Una respuesta plausible es que, para el poeta, su madre encarna la paradoja del nacimiento y la muerte convergiendo en un mismo instante, lo que podría denominarse “homogeneidad temporal”. Esta convergencia sugiere la coexistencia de opuestos en un único sujeto, una representación que guarda similitud con la imagen de la serpiente que se muerde la cola. No obstante, es importante subrayar que el nacimiento del autor, acontecido el 1 de enero, fecha que marca tanto el inicio como el fin de un ciclo calendárico, confiere a esta figura una rica simbología. Esta fecha de nacimiento, en su ambigüedad temporal, se convierte en un crisol, en el que la madre, como arquetipo de origen y finalidad, se ve imbuida de una resonancia simbólica que trasciende la mera dualidad. Veamos otro poema: Mami, / La próxima vez / No manches por favor / Mi cepillo de dientes / Con sangre (18).
El cepillo de dientes como objeto de higiene personal, en un giro psicoanalítico, se nos revela como una suerte de palimpsesto emocional, marcado indeleblemente por la sangre materna. Esta pigmentación sanguínea, desde una perspectiva lacaniana, nos conduce al plano de la oralidad y, como mencionábamos, refuerza el vínculo primordial con la progenitora. La sangre, en su polisemia, se erige como un símbolo no solo de la herida traumática, sino también como metonimia de la familia en su totalidad. De particular interés es la peculiar manipulación del tiempo que acontece en este breve poema, pues en los dos primeros versos (“Mami/ La próxima vez”) nos recrea una dicción de la cotidianidad familiar, una suerte de nota casual para que sea leída por la madre, como si este texto pudiera quedar pegado al vidrio del baño para cuando entre ella.

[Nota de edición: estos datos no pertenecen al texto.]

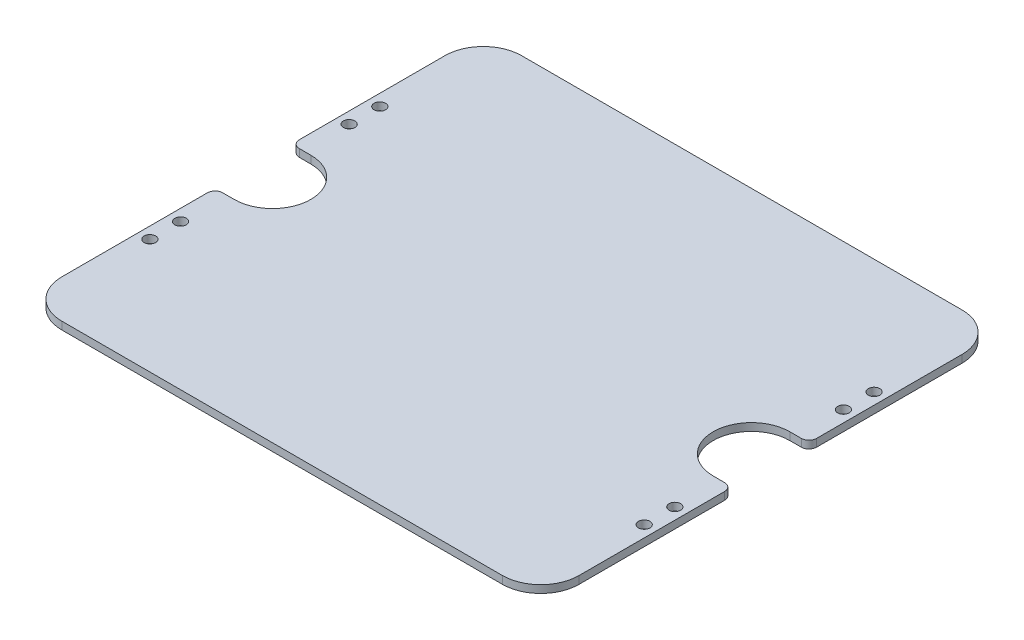
ISO-10303-21;
HEADER;
FILE_DESCRIPTION(('STEP AP214'),'2;1');
FILE_NAME('part.step','',(''),(''),'','','');
FILE_SCHEMA(('AUTOMOTIVE_DESIGN { 1 0 10303 214 1 1 1 1 }'));
ENDSEC;
DATA;
#1=APPLICATION_CONTEXT('core data for automotive mechanical design processes');
#2=APPLICATION_PROTOCOL_DEFINITION('international standard','automotive_design',2000,#1);
#3=PRODUCT_CONTEXT('',#1,'mechanical');
#4=PRODUCT('Part','Part','',(#3));
#5=PRODUCT_RELATED_PRODUCT_CATEGORY('part','',(#4));
#6=PRODUCT_DEFINITION_FORMATION('','',#4);
#7=PRODUCT_DEFINITION_CONTEXT('part definition',#1,'design');
#8=PRODUCT_DEFINITION('design','',#6,#7);
#9=PRODUCT_DEFINITION_SHAPE('','',#8);
#10=(LENGTH_UNIT() NAMED_UNIT(*) SI_UNIT(.MILLI.,.METRE.));
#11=(NAMED_UNIT(*) PLANE_ANGLE_UNIT() SI_UNIT($,.RADIAN.));
#12=(NAMED_UNIT(*) SI_UNIT($,.STERADIAN.) SOLID_ANGLE_UNIT());
#13=UNCERTAINTY_MEASURE_WITH_UNIT(LENGTH_MEASURE(1.E-05),#10,'distance_accuracy_value','');
#14=(GEOMETRIC_REPRESENTATION_CONTEXT(3) GLOBAL_UNCERTAINTY_ASSIGNED_CONTEXT((#13)) GLOBAL_UNIT_ASSIGNED_CONTEXT((#10,
#11,#12)) REPRESENTATION_CONTEXT('',''));
#15=CARTESIAN_POINT('',(0.,0.,0.));
#16=DIRECTION('',(0.,0.,1.));
#17=DIRECTION('',(1.,0.,0.));
#18=AXIS2_PLACEMENT_3D('',#15,#16,#17);
#19=CARTESIAN_POINT('',(-62.5,2.,0.));
#20=DIRECTION('',(0.,-1.,0.));
#21=DIRECTION('',(0.,0.,-1.));
#22=AXIS2_PLACEMENT_3D('',#19,#20,#21);
#23=PLANE('',#22);
#24=CARTESIAN_POINT('',(-62.5,2.,0.));
#25=DIRECTION('',(0.,-1.,0.));
#26=DIRECTION('',(0.,0.,-1.));
#27=AXIS2_PLACEMENT_3D('',#24,#25,#26);
#28=CIRCLE('',#27,10.);
#29=CARTESIAN_POINT('',(-62.5,2.,-9.99999999999999));
#30=VERTEX_POINT('',#29);
#31=CARTESIAN_POINT('',(-62.5,2.,10.));
#32=VERTEX_POINT('',#31);
#33=EDGE_CURVE('E245',#30,#32,#28,.T.);
#34=ORIENTED_EDGE('',*,*,#33,.T.);
#35=DIRECTION('',(-1.,0.,0.));
#36=VECTOR('',#35,1.);
#37=CARTESIAN_POINT('',(-65.5,2.,10.));
#38=LINE('',#37,#36);
#39=CARTESIAN_POINT('',(-65.5,2.,10.));
#40=VERTEX_POINT('',#39);
#41=EDGE_CURVE('E133',#32,#40,#38,.T.);
#42=ORIENTED_EDGE('',*,*,#41,.T.);
#43=CARTESIAN_POINT('',(-65.5,2.,12.));
#44=DIRECTION('',(0.,1.,0.));
#45=DIRECTION('',(0.,0.,-1.));
#46=AXIS2_PLACEMENT_3D('',#43,#44,#45);
#47=CIRCLE('',#46,2.);
#48=CARTESIAN_POINT('',(-67.5,2.,12.));
#49=VERTEX_POINT('',#48);
#50=EDGE_CURVE('E296',#40,#49,#47,.T.);
#51=ORIENTED_EDGE('',*,*,#50,.T.);
#52=DIRECTION('',(0.,0.,1.));
#53=VECTOR('',#52,1.);
#54=CARTESIAN_POINT('',(-67.5,2.,12.));
#55=LINE('',#54,#53);
#56=CARTESIAN_POINT('',(-67.5,2.,49.9999999999999));
#57=VERTEX_POINT('',#56);
#58=EDGE_CURVE('E315',#49,#57,#55,.T.);
#59=ORIENTED_EDGE('',*,*,#58,.T.);
#60=CARTESIAN_POINT('',(-57.5,2.,50.));
#61=DIRECTION('',(0.,1.,0.));
#62=DIRECTION('',(0.,0.,-1.));
#63=AXIS2_PLACEMENT_3D('',#60,#61,#62);
#64=CIRCLE('',#63,9.99999999999999);
#65=CARTESIAN_POINT('',(-57.4999999999999,2.,60.));
#66=VERTEX_POINT('',#65);
#67=EDGE_CURVE('E312',#57,#66,#64,.T.);
#68=ORIENTED_EDGE('',*,*,#67,.T.);
#69=DIRECTION('',(1.,0.,0.));
#70=VECTOR('',#69,1.);
#71=CARTESIAN_POINT('',(-57.4999999999999,2.,60.));
#72=LINE('',#71,#70);
#73=CARTESIAN_POINT('',(57.4999999999999,2.,60.));
#74=VERTEX_POINT('',#73);
#75=EDGE_CURVE('E314',#66,#74,#72,.T.);
#76=ORIENTED_EDGE('',*,*,#75,.T.);
#77=CARTESIAN_POINT('',(57.5,2.,50.));
#78=DIRECTION('',(0.,1.,0.));
#79=DIRECTION('',(0.,0.,1.));
#80=AXIS2_PLACEMENT_3D('',#77,#78,#79);
#81=CIRCLE('',#80,10.);
#82=CARTESIAN_POINT('',(67.5,2.,49.9999999999999));
#83=VERTEX_POINT('',#82);
#84=EDGE_CURVE('E317',#74,#83,#81,.T.);
#85=ORIENTED_EDGE('',*,*,#84,.T.);
#86=DIRECTION('',(0.,0.,-1.));
#87=VECTOR('',#86,1.);
#88=CARTESIAN_POINT('',(67.5,2.,12.));
#89=LINE('',#88,#87);
#90=CARTESIAN_POINT('',(67.5,2.,12.));
#91=VERTEX_POINT('',#90);
#92=EDGE_CURVE('E323',#83,#91,#89,.T.);
#93=ORIENTED_EDGE('',*,*,#92,.T.);
#94=CARTESIAN_POINT('',(65.5,2.,12.));
#95=DIRECTION('',(0.,1.,0.));
#96=DIRECTION('',(0.,0.,1.));
#97=AXIS2_PLACEMENT_3D('',#94,#95,#96);
#98=CIRCLE('',#97,2.);
#99=CARTESIAN_POINT('',(65.5,2.,10.));
#100=VERTEX_POINT('',#99);
#101=EDGE_CURVE('E325',#91,#100,#98,.T.);
#102=ORIENTED_EDGE('',*,*,#101,.T.);
#103=DIRECTION('',(-1.,0.,0.));
#104=VECTOR('',#103,1.);
#105=CARTESIAN_POINT('',(65.5,2.,10.));
#106=LINE('',#105,#104);
#107=CARTESIAN_POINT('',(62.5,2.,10.));
#108=VERTEX_POINT('',#107);
#109=EDGE_CURVE('E327',#100,#108,#106,.T.);
#110=ORIENTED_EDGE('',*,*,#109,.T.);
#111=CARTESIAN_POINT('',(62.5,2.,0.));
#112=DIRECTION('',(0.,-1.,0.));
#113=DIRECTION('',(0.,0.,1.));
#114=AXIS2_PLACEMENT_3D('',#111,#112,#113);
#115=CIRCLE('',#114,10.);
#116=CARTESIAN_POINT('',(62.5,2.,-9.99999999999999));
#117=VERTEX_POINT('',#116);
#118=EDGE_CURVE('E329',#108,#117,#115,.T.);
#119=ORIENTED_EDGE('',*,*,#118,.T.);
#120=DIRECTION('',(1.,0.,0.));
#121=VECTOR('',#120,1.);
#122=CARTESIAN_POINT('',(65.5,2.,-9.99999999999999));
#123=LINE('',#122,#121);
#124=CARTESIAN_POINT('',(65.5,2.,-9.99999999999999));
#125=VERTEX_POINT('',#124);
#126=EDGE_CURVE('E331',#117,#125,#123,.T.);
#127=ORIENTED_EDGE('',*,*,#126,.T.);
#128=CARTESIAN_POINT('',(65.5,2.,-12.));
#129=DIRECTION('',(0.,1.,0.));
#130=DIRECTION('',(0.,0.,-1.));
#131=AXIS2_PLACEMENT_3D('',#128,#129,#130);
#132=CIRCLE('',#131,2.);
#133=CARTESIAN_POINT('',(67.5,2.,-12.));
#134=VERTEX_POINT('',#133);
#135=EDGE_CURVE('E333',#125,#134,#132,.T.);
#136=ORIENTED_EDGE('',*,*,#135,.T.);
#137=DIRECTION('',(0.,0.,-1.));
#138=VECTOR('',#137,1.);
#139=CARTESIAN_POINT('',(67.5,2.,-49.9999999999999));
#140=LINE('',#139,#138);
#141=CARTESIAN_POINT('',(67.5,2.,-49.9999999999999));
#142=VERTEX_POINT('',#141);
#143=EDGE_CURVE('E335',#134,#142,#140,.T.);
#144=ORIENTED_EDGE('',*,*,#143,.T.);
#145=CARTESIAN_POINT('',(57.5,2.,-50.));
#146=DIRECTION('',(0.,1.,0.));
#147=DIRECTION('',(0.,0.,1.));
#148=AXIS2_PLACEMENT_3D('',#145,#146,#147);
#149=CIRCLE('',#148,10.);
#150=CARTESIAN_POINT('',(57.4999999999999,2.,-60.));
#151=VERTEX_POINT('',#150);
#152=EDGE_CURVE('E337',#142,#151,#149,.T.);
#153=ORIENTED_EDGE('',*,*,#152,.T.);
#154=DIRECTION('',(-1.,0.,0.));
#155=VECTOR('',#154,1.);
#156=CARTESIAN_POINT('',(-57.4999999999999,2.,-60.));
#157=LINE('',#156,#155);
#158=CARTESIAN_POINT('',(-57.5,2.,-60.));
#159=VERTEX_POINT('',#158);
#160=EDGE_CURVE('E339',#151,#159,#157,.T.);
#161=ORIENTED_EDGE('',*,*,#160,.T.);
#162=CARTESIAN_POINT('',(-57.5,2.,-50.));
#163=DIRECTION('',(0.,1.,0.));
#164=DIRECTION('',(0.,0.,-1.));
#165=AXIS2_PLACEMENT_3D('',#162,#163,#164);
#166=CIRCLE('',#165,10.);
#167=CARTESIAN_POINT('',(-67.5,2.,-49.9999999999999));
#168=VERTEX_POINT('',#167);
#169=EDGE_CURVE('E188',#159,#168,#166,.T.);
#170=ORIENTED_EDGE('',*,*,#169,.T.);
#171=DIRECTION('',(0.,0.,1.));
#172=VECTOR('',#171,1.);
#173=CARTESIAN_POINT('',(-67.5,2.,-49.9999999999999));
#174=LINE('',#173,#172);
#175=CARTESIAN_POINT('',(-67.5,2.,-12.));
#176=VERTEX_POINT('',#175);
#177=EDGE_CURVE('E182',#168,#176,#174,.T.);
#178=ORIENTED_EDGE('',*,*,#177,.T.);
#179=CARTESIAN_POINT('',(-65.5,2.,-12.));
#180=DIRECTION('',(0.,1.,0.));
#181=DIRECTION('',(0.,0.,-1.));
#182=AXIS2_PLACEMENT_3D('',#179,#180,#181);
#183=CIRCLE('',#182,2.);
#184=CARTESIAN_POINT('',(-65.5,2.,-9.99999999999999));
#185=VERTEX_POINT('',#184);
#186=EDGE_CURVE('E186',#176,#185,#183,.T.);
#187=ORIENTED_EDGE('',*,*,#186,.T.);
#188=DIRECTION('',(1.,0.,0.));
#189=VECTOR('',#188,1.);
#190=CARTESIAN_POINT('',(-65.5,2.,-9.99999999999999));
#191=LINE('',#190,#189);
#192=EDGE_CURVE('E54',#185,#30,#191,.T.);
#193=ORIENTED_EDGE('',*,*,#192,.T.);
#194=EDGE_LOOP('',(#34,#42,#51,#59,#68,#76,#85,#93,#102,#110,#119,#127,#136,#144,#153,#161,#170,
#178,#187,#193));
#195=FACE_BOUND('',#194,.T.);
#196=CARTESIAN_POINT('',(-64.5,2.,-30.));
#197=DIRECTION('',(0.,1.,0.));
#198=DIRECTION('',(0.,0.,1.));
#199=AXIS2_PLACEMENT_3D('',#196,#197,#198);
#200=CIRCLE('',#199,1.5);
#201=CARTESIAN_POINT('',(-64.5,2.,-28.5));
#202=VERTEX_POINT('',#201);
#203=EDGE_CURVE('E210',#202,#202,#200,.T.);
#204=ORIENTED_EDGE('',*,*,#203,.F.);
#205=EDGE_LOOP('',(#204));
#206=FACE_BOUND('',#205,.T.);
#207=CARTESIAN_POINT('',(64.5,2.,-30.));
#208=DIRECTION('',(0.,1.,0.));
#209=DIRECTION('',(0.,0.,1.));
#210=AXIS2_PLACEMENT_3D('',#207,#208,#209);
#211=CIRCLE('',#210,1.5);
#212=CARTESIAN_POINT('',(64.5,2.,-28.5));
#213=VERTEX_POINT('',#212);
#214=EDGE_CURVE('E443',#213,#213,#211,.T.);
#215=ORIENTED_EDGE('',*,*,#214,.F.);
#216=EDGE_LOOP('',(#215));
#217=FACE_BOUND('',#216,.T.);
#218=CARTESIAN_POINT('',(64.5,2.,30.));
#219=DIRECTION('',(0.,1.,0.));
#220=DIRECTION('',(0.,0.,1.));
#221=AXIS2_PLACEMENT_3D('',#218,#219,#220);
#222=CIRCLE('',#221,1.5);
#223=CARTESIAN_POINT('',(64.5,2.,31.5));
#224=VERTEX_POINT('',#223);
#225=EDGE_CURVE('E437',#224,#224,#222,.T.);
#226=ORIENTED_EDGE('',*,*,#225,.F.);
#227=EDGE_LOOP('',(#226));
#228=FACE_BOUND('',#227,.T.);
#229=CARTESIAN_POINT('',(-64.5,2.,30.));
#230=DIRECTION('',(0.,1.,0.));
#231=DIRECTION('',(0.,0.,1.));
#232=AXIS2_PLACEMENT_3D('',#229,#230,#231);
#233=CIRCLE('',#232,1.5);
#234=CARTESIAN_POINT('',(-64.5,2.,31.5));
#235=VERTEX_POINT('',#234);
#236=EDGE_CURVE('E431',#235,#235,#233,.T.);
#237=ORIENTED_EDGE('',*,*,#236,.F.);
#238=EDGE_LOOP('',(#237));
#239=FACE_BOUND('',#238,.T.);
#240=CARTESIAN_POINT('',(-64.5,2.,-22.));
#241=DIRECTION('',(0.,1.,0.));
#242=DIRECTION('',(0.,0.,1.));
#243=AXIS2_PLACEMENT_3D('',#240,#241,#242);
#244=CIRCLE('',#243,1.5);
#245=CARTESIAN_POINT('',(-64.5,2.,-20.5));
#246=VERTEX_POINT('',#245);
#247=EDGE_CURVE('E425',#246,#246,#244,.T.);
#248=ORIENTED_EDGE('',*,*,#247,.F.);
#249=EDGE_LOOP('',(#248));
#250=FACE_BOUND('',#249,.T.);
#251=CARTESIAN_POINT('',(64.5,2.,-22.));
#252=DIRECTION('',(0.,1.,0.));
#253=DIRECTION('',(0.,0.,-1.));
#254=AXIS2_PLACEMENT_3D('',#251,#252,#253);
#255=CIRCLE('',#254,1.5);
#256=CARTESIAN_POINT('',(64.5,2.,-23.5));
#257=VERTEX_POINT('',#256);
#258=EDGE_CURVE('E419',#257,#257,#255,.T.);
#259=ORIENTED_EDGE('',*,*,#258,.F.);
#260=EDGE_LOOP('',(#259));
#261=FACE_BOUND('',#260,.T.);
#262=CARTESIAN_POINT('',(64.5,2.,22.));
#263=DIRECTION('',(0.,1.,0.));
#264=DIRECTION('',(0.,0.,1.));
#265=AXIS2_PLACEMENT_3D('',#262,#263,#264);
#266=CIRCLE('',#265,1.5);
#267=CARTESIAN_POINT('',(64.5,2.,23.5));
#268=VERTEX_POINT('',#267);
#269=EDGE_CURVE('E413',#268,#268,#266,.T.);
#270=ORIENTED_EDGE('',*,*,#269,.F.);
#271=EDGE_LOOP('',(#270));
#272=FACE_BOUND('',#271,.T.);
#273=CARTESIAN_POINT('',(-64.5,2.,22.));
#274=DIRECTION('',(0.,1.,0.));
#275=DIRECTION('',(0.,0.,-1.));
#276=AXIS2_PLACEMENT_3D('',#273,#274,#275);
#277=CIRCLE('',#276,1.5);
#278=CARTESIAN_POINT('',(-64.5,2.,20.5));
#279=VERTEX_POINT('',#278);
#280=EDGE_CURVE('E404',#279,#279,#277,.T.);
#281=ORIENTED_EDGE('',*,*,#280,.F.);
#282=EDGE_LOOP('',(#281));
#283=FACE_BOUND('',#282,.T.);
#284=ADVANCED_FACE('F37',(#195,#206,#217,#228,#239,#250,#261,#272,#283),#23,.F.);
#285=CARTESIAN_POINT('',(-62.5,0.,0.));
#286=DIRECTION('',(0.,-1.,0.));
#287=DIRECTION('',(0.,0.,-1.));
#288=AXIS2_PLACEMENT_3D('',#285,#286,#287);
#289=PLANE('',#288);
#290=CARTESIAN_POINT('',(64.5,0.,22.));
#291=DIRECTION('',(0.,1.,0.));
#292=DIRECTION('',(0.,0.,1.));
#293=AXIS2_PLACEMENT_3D('',#290,#291,#292);
#294=CIRCLE('',#293,1.5);
#295=CARTESIAN_POINT('',(64.5,0.,23.5));
#296=VERTEX_POINT('',#295);
#297=EDGE_CURVE('E410',#296,#296,#294,.T.);
#298=ORIENTED_EDGE('',*,*,#297,.T.);
#299=EDGE_LOOP('',(#298));
#300=FACE_BOUND('',#299,.T.);
#301=CARTESIAN_POINT('',(-64.5,0.,-22.));
#302=DIRECTION('',(0.,1.,0.));
#303=DIRECTION('',(0.,0.,1.));
#304=AXIS2_PLACEMENT_3D('',#301,#302,#303);
#305=CIRCLE('',#304,1.5);
#306=CARTESIAN_POINT('',(-64.5,0.,-20.5));
#307=VERTEX_POINT('',#306);
#308=EDGE_CURVE('E422',#307,#307,#305,.T.);
#309=ORIENTED_EDGE('',*,*,#308,.T.);
#310=EDGE_LOOP('',(#309));
#311=FACE_BOUND('',#310,.T.);
#312=CARTESIAN_POINT('',(64.5,0.,30.));
#313=DIRECTION('',(0.,1.,0.));
#314=DIRECTION('',(0.,0.,1.));
#315=AXIS2_PLACEMENT_3D('',#312,#313,#314);
#316=CIRCLE('',#315,1.5);
#317=CARTESIAN_POINT('',(64.5,0.,31.5));
#318=VERTEX_POINT('',#317);
#319=EDGE_CURVE('E434',#318,#318,#316,.T.);
#320=ORIENTED_EDGE('',*,*,#319,.T.);
#321=EDGE_LOOP('',(#320));
#322=FACE_BOUND('',#321,.T.);
#323=CARTESIAN_POINT('',(-64.5,0.,-30.));
#324=DIRECTION('',(0.,1.,0.));
#325=DIRECTION('',(0.,0.,1.));
#326=AXIS2_PLACEMENT_3D('',#323,#324,#325);
#327=CIRCLE('',#326,1.5);
#328=CARTESIAN_POINT('',(-64.5,0.,-28.5));
#329=VERTEX_POINT('',#328);
#330=EDGE_CURVE('E446',#329,#329,#327,.T.);
#331=ORIENTED_EDGE('',*,*,#330,.T.);
#332=EDGE_LOOP('',(#331));
#333=FACE_BOUND('',#332,.T.);
#334=CARTESIAN_POINT('',(-62.5,0.,0.));
#335=DIRECTION('',(0.,-1.,0.));
#336=DIRECTION('',(0.,0.,-1.));
#337=AXIS2_PLACEMENT_3D('',#334,#335,#336);
#338=CIRCLE('',#337,10.);
#339=CARTESIAN_POINT('',(-62.5,0.,-9.99999999999999));
#340=VERTEX_POINT('',#339);
#341=CARTESIAN_POINT('',(-62.5,0.,10.));
#342=VERTEX_POINT('',#341);
#343=EDGE_CURVE('E206',#340,#342,#338,.T.);
#344=ORIENTED_EDGE('',*,*,#343,.F.);
#345=DIRECTION('',(1.,0.,0.));
#346=VECTOR('',#345,1.);
#347=CARTESIAN_POINT('',(-65.5,0.,-9.99999999999999));
#348=LINE('',#347,#346);
#349=CARTESIAN_POINT('',(-65.5,0.,-9.99999999999999));
#350=VERTEX_POINT('',#349);
#351=EDGE_CURVE('E125',#350,#340,#348,.T.);
#352=ORIENTED_EDGE('',*,*,#351,.F.);
#353=CARTESIAN_POINT('',(-65.5,0.,-12.));
#354=DIRECTION('',(0.,1.,0.));
#355=DIRECTION('',(0.,0.,-1.));
#356=AXIS2_PLACEMENT_3D('',#353,#354,#355);
#357=CIRCLE('',#356,2.);
#358=CARTESIAN_POINT('',(-67.5,0.,-12.));
#359=VERTEX_POINT('',#358);
#360=EDGE_CURVE('E119',#359,#350,#357,.T.);
#361=ORIENTED_EDGE('',*,*,#360,.F.);
#362=DIRECTION('',(0.,0.,1.));
#363=VECTOR('',#362,1.);
#364=CARTESIAN_POINT('',(-67.5,0.,-49.9999999999999));
#365=LINE('',#364,#363);
#366=CARTESIAN_POINT('',(-67.5,0.,-49.9999999999999));
#367=VERTEX_POINT('',#366);
#368=EDGE_CURVE('E196',#367,#359,#365,.T.);
#369=ORIENTED_EDGE('',*,*,#368,.F.);
#370=CARTESIAN_POINT('',(-57.5,0.,-50.));
#371=DIRECTION('',(0.,1.,0.));
#372=DIRECTION('',(0.,0.,-1.));
#373=AXIS2_PLACEMENT_3D('',#370,#371,#372);
#374=CIRCLE('',#373,10.);
#375=CARTESIAN_POINT('',(-57.5,0.,-60.));
#376=VERTEX_POINT('',#375);
#377=EDGE_CURVE('E240',#376,#367,#374,.T.);
#378=ORIENTED_EDGE('',*,*,#377,.F.);
#379=DIRECTION('',(-1.,0.,0.));
#380=VECTOR('',#379,1.);
#381=CARTESIAN_POINT('',(-57.4999999999999,0.,-60.));
#382=LINE('',#381,#380);
#383=CARTESIAN_POINT('',(57.4999999999999,0.,-60.));
#384=VERTEX_POINT('',#383);
#385=EDGE_CURVE('E238',#384,#376,#382,.T.);
#386=ORIENTED_EDGE('',*,*,#385,.F.);
#387=CARTESIAN_POINT('',(57.5,0.,-50.));
#388=DIRECTION('',(0.,1.,0.));
#389=DIRECTION('',(0.,0.,1.));
#390=AXIS2_PLACEMENT_3D('',#387,#388,#389);
#391=CIRCLE('',#390,10.);
#392=CARTESIAN_POINT('',(67.5,0.,-49.9999999999999));
#393=VERTEX_POINT('',#392);
#394=EDGE_CURVE('E236',#393,#384,#391,.T.);
#395=ORIENTED_EDGE('',*,*,#394,.F.);
#396=DIRECTION('',(0.,0.,-1.));
#397=VECTOR('',#396,1.);
#398=CARTESIAN_POINT('',(67.5,0.,-49.9999999999999));
#399=LINE('',#398,#397);
#400=CARTESIAN_POINT('',(67.5,0.,-12.));
#401=VERTEX_POINT('',#400);
#402=EDGE_CURVE('E234',#401,#393,#399,.T.);
#403=ORIENTED_EDGE('',*,*,#402,.F.);
#404=CARTESIAN_POINT('',(65.5,0.,-12.));
#405=DIRECTION('',(0.,1.,0.));
#406=DIRECTION('',(0.,0.,-1.));
#407=AXIS2_PLACEMENT_3D('',#404,#405,#406);
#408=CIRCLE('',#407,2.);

Como colofón, quisiera señalar que la persistente presencia de la figura del ouróboro en la poesía de Gonzalo Millán, está lejos de ser exhaustivamente explorada. Este breve texto no aspira a desvelar los estratos de significado que se esconden detrás de la imagen del dragón, que perpetuamente se muerde la cola y la consecuente “metáfora de libre flotación” (199). Nos hemos asomado a la estructura recursiva en la que los extremos (inicio-final) se funden en un oxímoron, atisbando un espacio donde los límites se desvanecen y se desdoblan en un intercambio de dualidades. Probablemente esta exploración sea un preámbulo para continuar descubriendo los cruces entre la recursividad de la forma y los modos de ver (tecnología de la mirada), de un poeta que, pese o gracias, a la concentración y brevedad lingüística, amplía y multiplica las aproximaciones acerca de su obra.